YOUR ASSIGNMENT:
From the records below, print exactly the lines starting at the one containing "0) x (1, 0, 0)" and ending at the one containing "arc A7 (2.9991, 121.0744)", ends included, and nothing else.

Data excerpts:
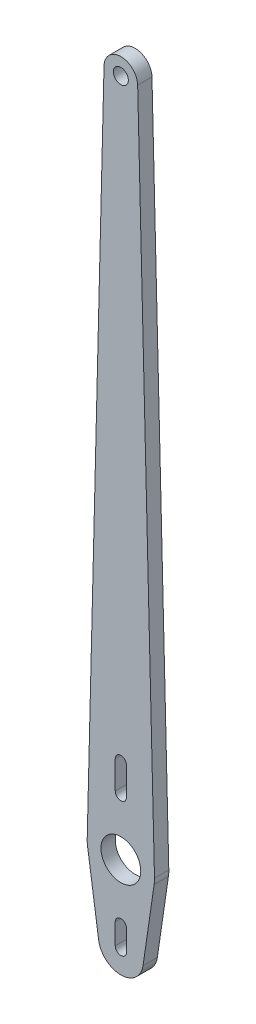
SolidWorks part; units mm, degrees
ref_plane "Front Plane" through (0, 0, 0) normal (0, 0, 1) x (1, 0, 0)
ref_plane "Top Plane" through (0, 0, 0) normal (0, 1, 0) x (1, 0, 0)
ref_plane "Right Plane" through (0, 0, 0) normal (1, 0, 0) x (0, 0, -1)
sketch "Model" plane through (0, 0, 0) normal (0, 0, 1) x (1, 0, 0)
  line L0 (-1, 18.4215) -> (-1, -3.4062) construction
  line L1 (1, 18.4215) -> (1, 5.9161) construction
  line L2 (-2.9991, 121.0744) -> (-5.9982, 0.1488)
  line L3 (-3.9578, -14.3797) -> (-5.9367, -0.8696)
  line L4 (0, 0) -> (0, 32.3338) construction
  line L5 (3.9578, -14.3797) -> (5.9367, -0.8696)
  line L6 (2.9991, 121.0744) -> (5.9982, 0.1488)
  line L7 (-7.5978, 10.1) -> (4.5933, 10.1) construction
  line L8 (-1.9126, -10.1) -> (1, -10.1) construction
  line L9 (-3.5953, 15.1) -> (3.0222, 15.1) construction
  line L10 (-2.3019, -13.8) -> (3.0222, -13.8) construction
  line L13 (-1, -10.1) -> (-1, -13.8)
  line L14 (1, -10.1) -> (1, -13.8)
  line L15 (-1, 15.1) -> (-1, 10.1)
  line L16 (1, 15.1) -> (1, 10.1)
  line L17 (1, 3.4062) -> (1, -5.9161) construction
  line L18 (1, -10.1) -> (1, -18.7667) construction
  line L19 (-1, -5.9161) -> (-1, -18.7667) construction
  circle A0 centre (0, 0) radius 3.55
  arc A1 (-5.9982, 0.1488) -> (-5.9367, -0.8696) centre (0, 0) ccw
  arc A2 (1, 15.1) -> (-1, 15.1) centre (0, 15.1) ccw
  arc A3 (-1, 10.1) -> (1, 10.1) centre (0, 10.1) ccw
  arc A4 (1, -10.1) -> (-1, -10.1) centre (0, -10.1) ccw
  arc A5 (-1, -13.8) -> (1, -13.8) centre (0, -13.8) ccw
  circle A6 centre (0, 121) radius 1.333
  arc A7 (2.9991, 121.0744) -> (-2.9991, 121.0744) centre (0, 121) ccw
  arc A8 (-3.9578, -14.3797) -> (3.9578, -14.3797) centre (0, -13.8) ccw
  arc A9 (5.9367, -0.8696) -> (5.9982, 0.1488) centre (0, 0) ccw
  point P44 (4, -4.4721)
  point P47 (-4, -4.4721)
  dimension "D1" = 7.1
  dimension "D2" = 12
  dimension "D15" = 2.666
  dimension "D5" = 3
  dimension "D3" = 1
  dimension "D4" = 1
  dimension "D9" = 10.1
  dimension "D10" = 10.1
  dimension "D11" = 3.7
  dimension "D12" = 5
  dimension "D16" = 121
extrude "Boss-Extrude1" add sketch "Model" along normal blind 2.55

ANSWER SECTION:
ref_plane "Top Plane" through (0, 0, 0) normal (0, 1, 0) x (1, 0, 0)
ref_plane "Right Plane" through (0, 0, 0) normal (1, 0, 0) x (0, 0, -1)
sketch "Model" plane through (0, 0, 0) normal (0, 0, 1) x (1, 0, 0)
  line L0 (-1, 18.4215) -> (-1, -3.4062) construction
  line L1 (1, 18.4215) -> (1, 5.9161) construction
  line L2 (-2.9991, 121.0744) -> (-5.9982, 0.1488)
  line L3 (-3.9578, -14.3797) -> (-5.9367, -0.8696)
  line L4 (0, 0) -> (0, 32.3338) construction
  line L5 (3.9578, -14.3797) -> (5.9367, -0.8696)
  line L6 (2.9991, 121.0744) -> (5.9982, 0.1488)
  line L7 (-7.5978, 10.1) -> (4.5933, 10.1) construction
  line L8 (-1.9126, -10.1) -> (1, -10.1) construction
  line L9 (-3.5953, 15.1) -> (3.0222, 15.1) construction
  line L10 (-2.3019, -13.8) -> (3.0222, -13.8) construction
  line L13 (-1, -10.1) -> (-1, -13.8)
  line L14 (1, -10.1) -> (1, -13.8)
  line L15 (-1, 15.1) -> (-1, 10.1)
  line L16 (1, 15.1) -> (1, 10.1)
  line L17 (1, 3.4062) -> (1, -5.9161) construction
  line L18 (1, -10.1) -> (1, -18.7667) construction
  line L19 (-1, -5.9161) -> (-1, -18.7667) construction
  circle A0 centre (0, 0) radius 3.55
  arc A1 (-5.9982, 0.1488) -> (-5.9367, -0.8696) centre (0, 0) ccw
  arc A2 (1, 15.1) -> (-1, 15.1) centre (0, 15.1) ccw
  arc A3 (-1, 10.1) -> (1, 10.1) centre (0, 10.1) ccw
  arc A4 (1, -10.1) -> (-1, -10.1) centre (0, -10.1) ccw
  arc A5 (-1, -13.8) -> (1, -13.8) centre (0, -13.8) ccw
  circle A6 centre (0, 121) radius 1.333
  arc A7 (2.9991, 121.0744) -> (-2.9991, 121.0744) centre (0, 121) ccw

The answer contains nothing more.